Keys' country-by-country comparison had also been skewed – for as critics at the time pointed out, many countries did not fit the theory, (the obvious cases being France and Italy, with their oily, fatty cuisines) but Keys simply excluded them. The American Heart Association, considered to be the voice of experts in this case, even issued a report in 1957 stating plainly that the fats-cause-heart-disease claims did not "stand up to critical examination". Even the case for there being any such epidemic was dubious too - the obvious cause of higher rates of heart disease was that (like the Soldiers in the First World War in their tin hats, see Investigation 85) - people were living longer. Long enough to develop heart disease. But it was too late, the cascade had started.

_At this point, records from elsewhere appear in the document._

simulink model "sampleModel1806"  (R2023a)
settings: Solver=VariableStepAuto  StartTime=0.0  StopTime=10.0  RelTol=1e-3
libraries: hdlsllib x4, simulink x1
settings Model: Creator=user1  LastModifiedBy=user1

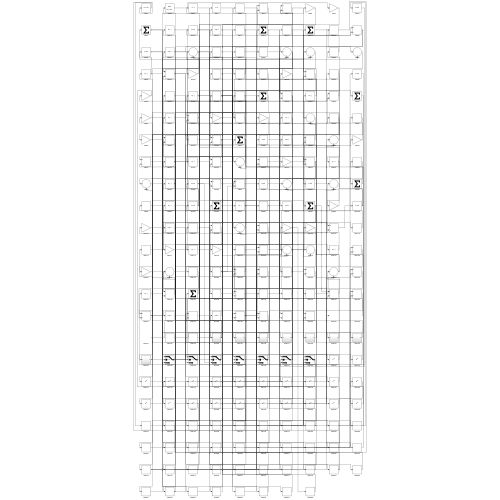
[thumbnail: Simulink's stored preview of the top-level diagram]
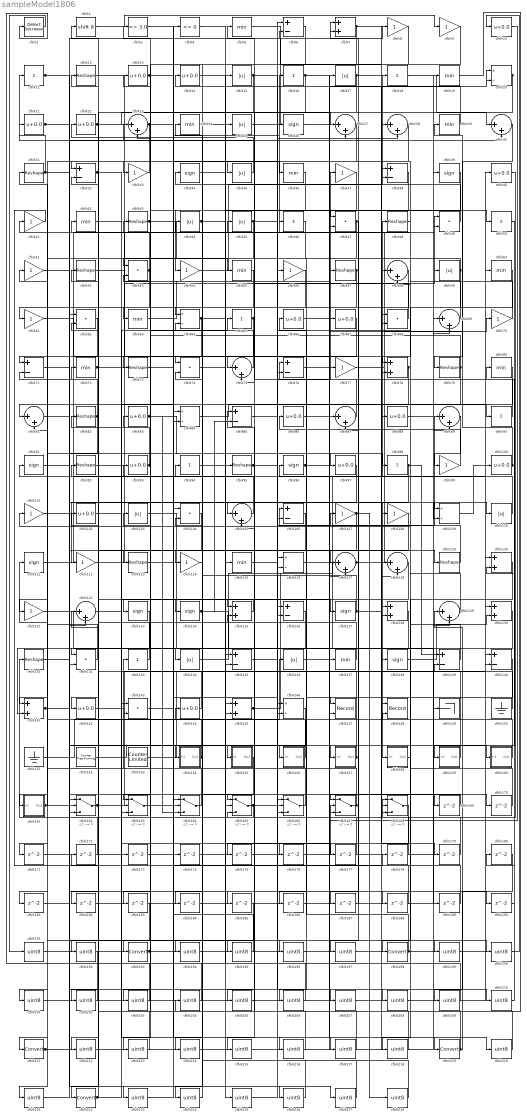
== system sampleModel1806 ==
  cfblk1 : simulink/Logic and Bit Operations/Detect Decrease  vinit=0.0  OutDataTypeStr=boolean
      settings: LibrarySourceBlock=|
      | hdlsllib/Logic and Bit
      | Operations/Detect
      | Decrease
  cfblk{10,13..14,21..22,40,66..67,83,86,88,93,97,100,102,142,144} (17 alike) : Bias  Bias=0.0  SaturateOnIntegerOverflow=off
  cfblk{8..9,33,37,41,51,54,56,61,70,77,99,101,107..108,112,114,121} (18 alike) : Gain
  cfblk{15,17,25,35,44..45,59,103,110,134,136} (11 alike) : Abs  SaturateOnIntegerOverflow=off
  cfblk{47,49,53,62,68,74,104,132,143} (9 alike) : DotProduct  OutDataTypeStr=Inherit: Inherit via internal rule
  cfblk{23,27..28,30,58,69,75,81,87,89,105,117..118,122,129} (15 alike) : Sum  Inputs=|++
  cfblk{6,32,38,71,76,85,106,126,135,139..140} (11 alike) : Sum  Inputs=+-
  cfblk{20,64,84,109,116,146} (6 alike) : Product  Inputs=*/  RndMeth=Zero  SaturateOnIntegerOverflow=on
  cfblk{11,16,18,46,50,65,90,94,98,133} (10 alike) : Sum  Inputs=+
  cfblk{26,34,39,91,96,111,123..124,127,138} (10 alike) : Signum
  cfblk{12,31,43,48,52,57,73,79,82,92,95,113,119,131} (14 alike) : Reshape
  cfblk{5,19,24,29,36,42,55,60,63,72,80,115,137} (13 alike) : MinMax
  cfblk{7,78,120,125,128,130,141,145} (8 alike) : Sum
  cfblk147 : Record  FileSettingsInternal="{\"entries\":[{\"content\":{\"excelSettings\":{\"content\":{},\"type\":\"Streamout.ExcelSettings\"}},\"type\":\"Streamout.FileSettingStorage\",\"uuid\":\"\"}],\"packageUris\":[\"http:\\/\\/schema.mathworks.com\\/mf0\\/streamout_blocks\\/R2020a\"],\"version\":\"1.0\"}"  Layout=[1 1]  SignalsInternal="{\"entries\":[{\"content\":{\"signals\":[{\"content\":{\"blockPath\":[],\"dimensions\":[1],\"domain\":\"\",\"lineColor\":\"#a2142f\",\"plots\":[1],\"port\":1,\"signalID\":4171,\"signalName\":\"XY Graph:1\"},\"type\":\"RecordBlkView.Signal\",\"uuid\":\"\"},{\"content\":{\"blockPath\":[],\"dimensions\":[1],\"domain\":\"\",\"lineColor\":\"#139fff\",\"plots\":[1],\"port\":2,\"signalID\":4174,\"signalName\":\"XY Graph:2\"},\"type\":\"RecordBlkView.Signal\",\"uuid\":\"\"}]},\"type\":\"RecordBlkView.InputSignals\",\"uuid\":\"\"}],\"packageUris\":[\"http:\\/\\/schema.mathworks.com\\/mf0\\/streamout_blocks\\/R2020a\"],\"version\":\"1.0\"}"  VisualizationBindings="{\"xyplotplugin\":{\"info\":[{\"series\":[{\"bindingParametersList\":[{\"parameter\":\"X-Axis\",\"signalID\":4171,\"signalName\":\"XY Graph:1\"},{\"parameter\":\"Y-Axis\",\"signalID\":4174,\"signalName\":\"XY Graph:2\"}],\"seriesID\":6691}],\"subplotID\":1}]}}"  CompatibilityTag=XY  st=-1
  cfblk148 : Record  FileSettingsInternal="{\"entries\":[{\"content\":{\"excelSettings\":{\"content\":{},\"type\":\"Streamout.ExcelSettings\"}},\"type\":\"Streamout.FileSettingStorage\",\"uuid\":\"\"}],\"packageUris\":[\"http:\\/\\/schema.mathworks.com\\/mf0\\/streamout_blocks\\/R2020a\"],\"version\":\"1.0\"}"  Layout=[1 1]  SignalsInternal="{\"entries\":[{\"content\":{\"signals\":[{\"content\":{\"blockPath\":[],\"dimensions\":[1],\"domain\":\"\",\"lineColor\":\"#a2142f\",\"plots\":[1],\"port\":1,\"signalID\":4179,\"signalName\":\"XY Graph:1\"},\"type\":\"RecordBlkView.Signal\",\"uuid\":\"\"},{\"content\":{\"blockPath\":[],\"dimensions\":[1],\"domain\":\"\",\"lineColor\":\"#139fff\",\"plots\":[1],\"port\":2,\"signalID\":4182,\"signalName\":\"XY Graph:2\"},\"type\":\"RecordBlkView.Signal\",\"uuid\":\"\"}]},\"type\":\"RecordBlkView.InputSignals\",\"uuid\":\"\"}],\"packageUris\":[\"http:\\/\\/schema.mathworks.com\\/mf0\\/streamout_blocks\\/R2020a\"],\"version\":\"1.0\"}"  VisualizationBindings="{\"xyplotplugin\":{\"info\":[{\"series\":[{\"bindingParametersList\":[{\"parameter\":\"X-Axis\",\"signalID\":4179,\"signalName\":\"XY Graph:1\"},{\"parameter\":\"Y-Axis\",\"signalID\":4182,\"signalName\":\"XY Graph:2\"}],\"seriesID\":17608}],\"subplotID\":1}]}}"  CompatibilityTag=XY  st=-1
  cfblk149 : Terminator
  cfblk150 : Ground
  cfblk151 : Ground
  cfblk152 : hdlsllib/Sources/Counter Free-Running  NumBits=16  tsamp=-1
  cfblk153 : hdlsllib/Sources/Counter Limited  uplimit=7  tsamp=-1
  cfblk154 : Subsystem
      settings: LibrarySourceBlock=|
      | hdlsllib/Ports &
      | Subsystems/Subsystem
  cfblk155 : Subsystem
      settings: LibrarySourceBlock=|
      | hdlsllib/Ports &
      | Subsystems/Subsystem
  cfblk156 : Subsystem
      settings: LibrarySourceBlock=|
      | hdlsllib/Ports &
      | Subsystems/Subsystem
  cfblk157 : Subsystem
      settings: LibrarySourceBlock=|
      | hdlsllib/Ports &
      | Subsystems/Subsystem
  cfblk158 : Subsystem
      settings: LibrarySourceBlock=|
      | hdlsllib/Ports &
      | Subsystems/Subsystem
  cfblk159 : Subsystem
      settings: LibrarySourceBlock=|
      | hdlsllib/Ports &
      | Subsystems/Subsystem
  cfblk160 : Subsystem
      settings: LibrarySourceBlock=|
      | hdlsllib/Ports &
      | Subsystems/Subsystem
  cfblk161 : Subsystem
      settings: LibrarySourceBlock=|
      | hdlsllib/Ports &
      | Subsystems/Subsystem
  cfblk{162..168} (7 alike) : Switch  SaturateOnIntegerOverflow=off  InputSameDT=off
  cfblk{169..190} (22 alike) : Delay  SampleTime=1
  cfblk{191..192,194..197,199..210,212..218,220..221,223..228} (33 alike) : DataTypeConversion  OutDataTypeStr=uint8  SaturateOnIntegerOverflow=off  RndMeth=Floor
  cfblk{193,198,211,219,222} (5 alike) : DataTypeConversion  SaturateOnIntegerOverflow=off  RndMeth=Floor
  cfblk2 : ArithShift  BitShiftNumber=8
  cfblk3 : hdlsllib/Logic and Bit Operations/Compare To Constant  relop=<=  const=3.0  OutDataTypeStr=boolean
  cfblk4 : hdlsllib/Logic and Bit Operations/Compare To Zero  relop=<=  OutDataTypeStr=boolean
  wires:
  cfblk38/1 -> cfblk54/1
  cfblk45/1 -> cfblk61/1, cfblk210/1
  cfblk165/1 -> cfblk131/1, cfblk28/2
  cfblk84/1 -> cfblk90/1
  cfblk2/1 -> cfblk9/1
  cfblk139/1 -> cfblk101/1
  cfblk52/1 -> cfblk74/1
  cfblk50/1 -> cfblk159/1(In1)
  cfblk121/1 -> cfblk134/1
  cfblk48/1 -> cfblk35/1
  cfblk161/1(Out1) -> cfblk111/1, cfblk190/1
  cfblk69/1 -> cfblk49/1
  cfblk82/1 -> cfblk141/1, cfblk71/2
  cfblk111/1 -> cfblk49/2
  cfblk117/1 -> cfblk70/1, cfblk179/1
  cfblk104/1 -> cfblk222/1
  cfblk12/1 -> cfblk75/1
  cfblk164/1 -> cfblk133/1
  cfblk76/1 -> cfblk37/1
  cfblk98/1 -> cfblk158/1(In1), cfblk139/1, cfblk147/1
  cfblk129/1 -> cfblk86/1, cfblk34/1
  cfblk97/1 -> cfblk112/1
  cfblk47/1 -> cfblk186/1, cfblk187/1, cfblk202/1
  cfblk73/1 -> cfblk97/1
  cfblk132/1 -> cfblk91/1
  cfblk146/1 -> cfblk162/2
  cfblk25/1 -> cfblk8/1
  cfblk54/1 -> cfblk18/1
  cfblk99/1 -> cfblk66/1
  cfblk33/1 -> cfblk32/1
  cfblk43/1 -> cfblk115/1, cfblk26/1
  cfblk109/1 -> cfblk100/1
  cfblk141/1 -> cfblk6/2, cfblk223/1
  cfblk153/1 -> cfblk15/1
  cfblk4/1 -> cfblk95/1
  cfblk22/1 -> cfblk55/1, cfblk27/1
  cfblk57/1 -> cfblk132/1, cfblk135/2
  cfblk163/1 -> cfblk4/1
  cfblk134/1 -> cfblk48/1
  cfblk159/1(Out1) -> cfblk82/1
  cfblk53/1 -> cfblk43/1, cfblk71/1
  cfblk123/1 -> cfblk141/2
  cfblk112/1 -> cfblk59/1
  cfblk115/1 -> cfblk107/1
  cfblk75/1 -> cfblk3/1
  cfblk152/1 -> cfblk157/1(In1)
  cfblk133/1 -> cfblk32/2
  cfblk77/1 -> cfblk39/1
  cfblk78/1 -> cfblk105/2, cfblk182/1
  cfblk6/1 -> cfblk154/1(In1)
  cfblk119/1 -> cfblk106/1
  cfblk157/1(Out1) -> cfblk42/1, cfblk144/1
  cfblk56/1 -> cfblk211/1
  cfblk34/1 -> cfblk47/1
  cfblk14/1 -> cfblk119/1
  cfblk29/1 -> cfblk14/1
  cfblk145/1 -> cfblk89/1, cfblk139/2, cfblk85/1
  cfblk63/1 -> cfblk25/1
  cfblk95/1 -> cfblk77/1, cfblk169/1
  cfblk70/1 -> cfblk41/1
  cfblk46/1 -> cfblk81/1
  cfblk31/1 -> cfblk11/1, cfblk98/1
  cfblk167/1 -> cfblk7/1, cfblk51/1
  cfblk122/1 -> cfblk219/1
  cfblk80/1 -> cfblk161/1(In1)
  cfblk65/1 -> cfblk155/1(In1), cfblk113/1
  cfblk92/1 -> cfblk57/1
  cfblk20/1 -> cfblk75/2, cfblk165/2
  cfblk116/1 -> cfblk138/1
  cfblk32/1 -> cfblk105/1, cfblk177/1
  cfblk110/1 -> cfblk76/1
  cfblk40/1 -> cfblk168/1
  cfblk68/1 -> cfblk45/1
  cfblk18/1 -> cfblk30/1
  cfblk103/1 -> cfblk148/1
  cfblk35/1 -> cfblk22/1
  cfblk7/1 -> cfblk88/1, cfblk224/1
  cfblk72/1 -> cfblk16/1, cfblk125/1
  cfblk101/1 -> cfblk60/1
  cfblk160/1(Out1) -> cfblk2/1
  cfblk142/1 -> cfblk130/1
  cfblk150/1 -> cfblk68/1
  cfblk137/1 -> cfblk23/2
  cfblk10/1 -> cfblk167/2
  cfblk151/1 -> cfblk136/1
  cfblk51/1 -> cfblk164/2
  cfblk107/1 -> cfblk163/3, cfblk228/1
  cfblk79/1 -> cfblk117/1, cfblk53/2, cfblk181/1
  cfblk162/1 -> cfblk87/1, cfblk65/1, cfblk165/1
  cfblk55/1 -> cfblk163/1
  cfblk93/1 -> cfblk72/1, cfblk83/1
  cfblk125/1 -> cfblk124/1
  cfblk59/1 -> cfblk53/1, cfblk106/2, cfblk194/1, cfblk197/1
  cfblk85/1 -> cfblk76/2
  cfblk124/1 -> cfblk127/1, cfblk85/2, cfblk189/1
  cfblk154/1(Out1) -> cfblk12/1, cfblk31/1
  cfblk13/1 -> cfblk176/1, cfblk217/1
  cfblk136/1 -> cfblk17/1
  cfblk135/1 -> cfblk68/2
  cfblk144/1 -> cfblk103/1
  cfblk49/1 -> cfblk5/1
  cfblk127/1 -> cfblk20/1, cfblk64/2
  cfblk87/1 -> cfblk21/1
  cfblk5/1 -> cfblk58/1
  cfblk100/1 -> cfblk67/1, cfblk29/1
  cfblk17/1 -> cfblk38/1, cfblk47/2
  cfblk16/1 -> cfblk50/1, cfblk142/1
  cfblk138/1 -> cfblk130/2
  cfblk21/1 -> cfblk110/1, cfblk160/1(In1)
  cfblk158/1(Out1) -> cfblk38/2
  cfblk58/1 -> cfblk121/1
  cfblk37/1 -> cfblk123/1
  cfblk15/1 -> cfblk63/1, cfblk78/2
  cfblk44/1 -> cfblk109/1, cfblk188/1, cfblk199/1, cfblk200/1
  cfblk166/1 -> cfblk102/1
  cfblk156/1(Out1) -> cfblk93/1
  cfblk11/1 -> cfblk118/1, cfblk163/2
  cfblk61/1 -> cfblk118/2
  cfblk3/1 -> cfblk36/1
  cfblk36/1 -> cfblk64/1
  cfblk88/1 -> cfblk69/2
  cfblk23/1 -> cfblk132/2, cfblk146/2, cfblk109/2
  cfblk105/1 -> cfblk81/2
  cfblk30/1 -> cfblk79/1
  cfblk90/1 -> cfblk44/1
  cfblk91/1 -> cfblk28/1
  cfblk60/1 -> cfblk78/1
  cfblk86/1 -> cfblk137/1
  cfblk8/1 -> cfblk33/1
  cfblk120/1 -> cfblk198/1
  cfblk108/1 -> cfblk193/1
  cfblk89/1 -> cfblk99/1
  cfblk83/1 -> cfblk166/3, cfblk164/3
  cfblk27/1 -> cfblk114/1, cfblk116/2, cfblk147/2
  cfblk96/1 -> cfblk156/1(In1), cfblk20/2
  cfblk130/1 -> cfblk145/2
  cfblk42/1 -> cfblk84/2
  cfblk74/1 -> cfblk46/1
  cfblk64/1 -> cfblk73/1, cfblk30/2
  cfblk169/1 -> cfblk167/1
  cfblk102/1 -> cfblk170/1
  cfblk170/1 -> cfblk58/2
  cfblk28/1 -> cfblk171/1
  cfblk171/1 -> cfblk145/1
  cfblk172/1 -> cfblk162/1
  cfblk173/1 -> cfblk27/2
  cfblk174/1 -> cfblk167/3
  cfblk168/1 -> cfblk175/1
  cfblk175/1 -> cfblk116/1
  cfblk176/1 -> cfblk89/2
  cfblk177/1 -> cfblk23/1
  cfblk41/1 -> cfblk178/1
  cfblk178/1 -> cfblk146/1
  cfblk179/1 -> cfblk87/2
  cfblk181/1 -> cfblk162/3
  cfblk182/1 -> cfblk6/1
  cfblk9/1 -> cfblk183/1
  cfblk155/1(Out1) -> cfblk184/1
  cfblk184/1 -> cfblk69/1
  cfblk113/1 -> cfblk185/1
  cfblk186/1 -> cfblk129/2
  cfblk187/1 -> cfblk7/2
  cfblk188/1 -> cfblk84/1
  cfblk189/1 -> cfblk125/2
  cfblk190/1 -> cfblk80/1
  cfblk1/1 -> cfblk191/1
  cfblk191/1 -> cfblk10/1
  cfblk183/1 -> cfblk192/1
  cfblk192/1 -> cfblk1/1
  cfblk193/1 -> cfblk174/1, cfblk168/2
  cfblk194/1 -> cfblk108/1
  cfblk128/1 -> cfblk195/1
  cfblk195/1 -> cfblk164/1
  cfblk71/1 -> cfblk196/1
  cfblk196/1 -> cfblk128/1
  cfblk197/1 -> cfblk128/2
  cfblk198/1 -> cfblk148/2, cfblk96/1, cfblk218/1
  cfblk199/1 -> cfblk120/1
  cfblk200/1 -> cfblk120/2
  cfblk62/1 -> cfblk201/1
  cfblk201/1 -> cfblk40/1
  cfblk202/1 -> cfblk62/1
  cfblk67/1 -> cfblk203/1
  cfblk203/1 -> cfblk62/2
  cfblk19/1 -> cfblk204/1
  cfblk204/1 -> cfblk92/1
  cfblk106/1 -> cfblk205/1
  cfblk205/1 -> cfblk19/1
  cfblk140/1 -> cfblk206/1
  cfblk206/1 -> cfblk13/1
  cfblk131/1 -> cfblk207/1
  cfblk207/1 -> cfblk140/1
  cfblk26/1 -> cfblk208/1
  cfblk208/1 -> cfblk140/2
  cfblk180/1 -> cfblk209/1
  cfblk209/1 -> cfblk135/1
  cfblk210/1 -> cfblk180/1
  cfblk211/1 -> cfblk117/2, cfblk168/3, cfblk149/1
  cfblk118/1 -> cfblk212/1
  cfblk212/1 -> cfblk56/1
  cfblk126/1 -> cfblk213/1
  cfblk213/1 -> cfblk52/1
  cfblk114/1 -> cfblk214/1
  cfblk214/1 -> cfblk126/1
  cfblk39/1 -> cfblk215/1
  cfblk215/1 -> cfblk126/2
  cfblk143/1 -> cfblk216/1
  cfblk216/1 -> cfblk74/2
  cfblk217/1 -> cfblk143/1
  cfblk218/1 -> cfblk143/2
  cfblk219/1 -> cfblk165/3, cfblk129/1
  cfblk66/1 -> cfblk220/1
  cfblk220/1 -> cfblk122/1
  cfblk185/1 -> cfblk221/1
  cfblk221/1 -> cfblk122/2
  cfblk222/1 -> cfblk173/1, cfblk172/1
  cfblk223/1 -> cfblk104/1
  cfblk224/1 -> cfblk104/2
  cfblk94/1 -> cfblk225/1
  cfblk225/1 -> cfblk166/2
  cfblk81/1 -> cfblk226/1
  cfblk226/1 -> cfblk94/1
  cfblk24/1 -> cfblk227/1
  cfblk227/1 -> cfblk166/1
  cfblk228/1 -> cfblk24/1

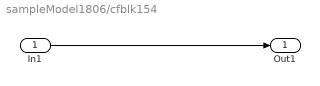
== system sampleModel1806/cfblk154 ==
  In1 : Inport
  Out1 : Outport
  wires:
  In1/1 -> Out1/1

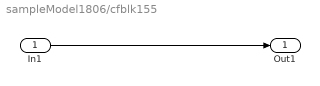
== system sampleModel1806/cfblk155 ==
  In1 : Inport
  Out1 : Outport
  wires:
  In1/1 -> Out1/1

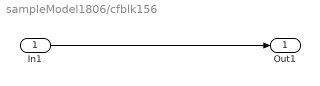
== system sampleModel1806/cfblk156 ==
  In1 : Inport
  Out1 : Outport
  wires:
  In1/1 -> Out1/1

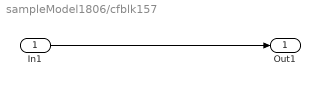
== system sampleModel1806/cfblk157 ==
  In1 : Inport
  Out1 : Outport
  wires:
  In1/1 -> Out1/1

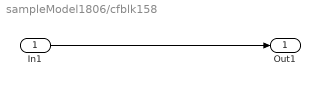
== system sampleModel1806/cfblk158 ==
  In1 : Inport
  Out1 : Outport
  wires:
  In1/1 -> Out1/1

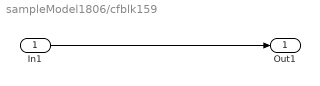
== system sampleModel1806/cfblk159 ==
  In1 : Inport
  Out1 : Outport
  wires:
  In1/1 -> Out1/1

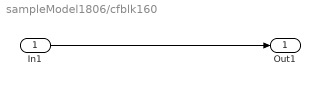
== system sampleModel1806/cfblk160 ==
  In1 : Inport
  Out1 : Outport
  wires:
  In1/1 -> Out1/1

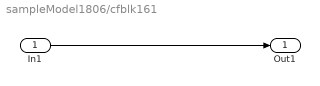
== system sampleModel1806/cfblk161 ==
  In1 : Inport
  Out1 : Outport
  wires:
  In1/1 -> Out1/1

Three years later, the Association issued a new statement, reversing its view. The Association had no new evidence but had, rather, some new members writing the report, in the form of Keys himself and one of his friends. The new report made the cover of Time Magazine, and was picked up by non-specialists at the US Department of Agriculture who then asked a supporter of the theory too draw up 'health guidelines' for them. Soon, scarcely a doctor (if a few specialised researchers still protested) could be found prepared to speak out against such an overwhelming 'consensus'. And all this was good enough for the highest medical officer in the United States - the Surgeon General - in 1988 to issue a doom-laden warning about fat in foods zealously claiming that ice cream was a health-menace on a par with tobacco smoking. 

It was really a pretty silly theory, and certainly not one based on good evidence. In fact, in recent years, large scale studies in which comparable groups have been put on controlled diets (low-fat and high fat) a correlation has at last been found. It turns out that the low-fat diet seems to be unhealthy! But no one is quite sure why.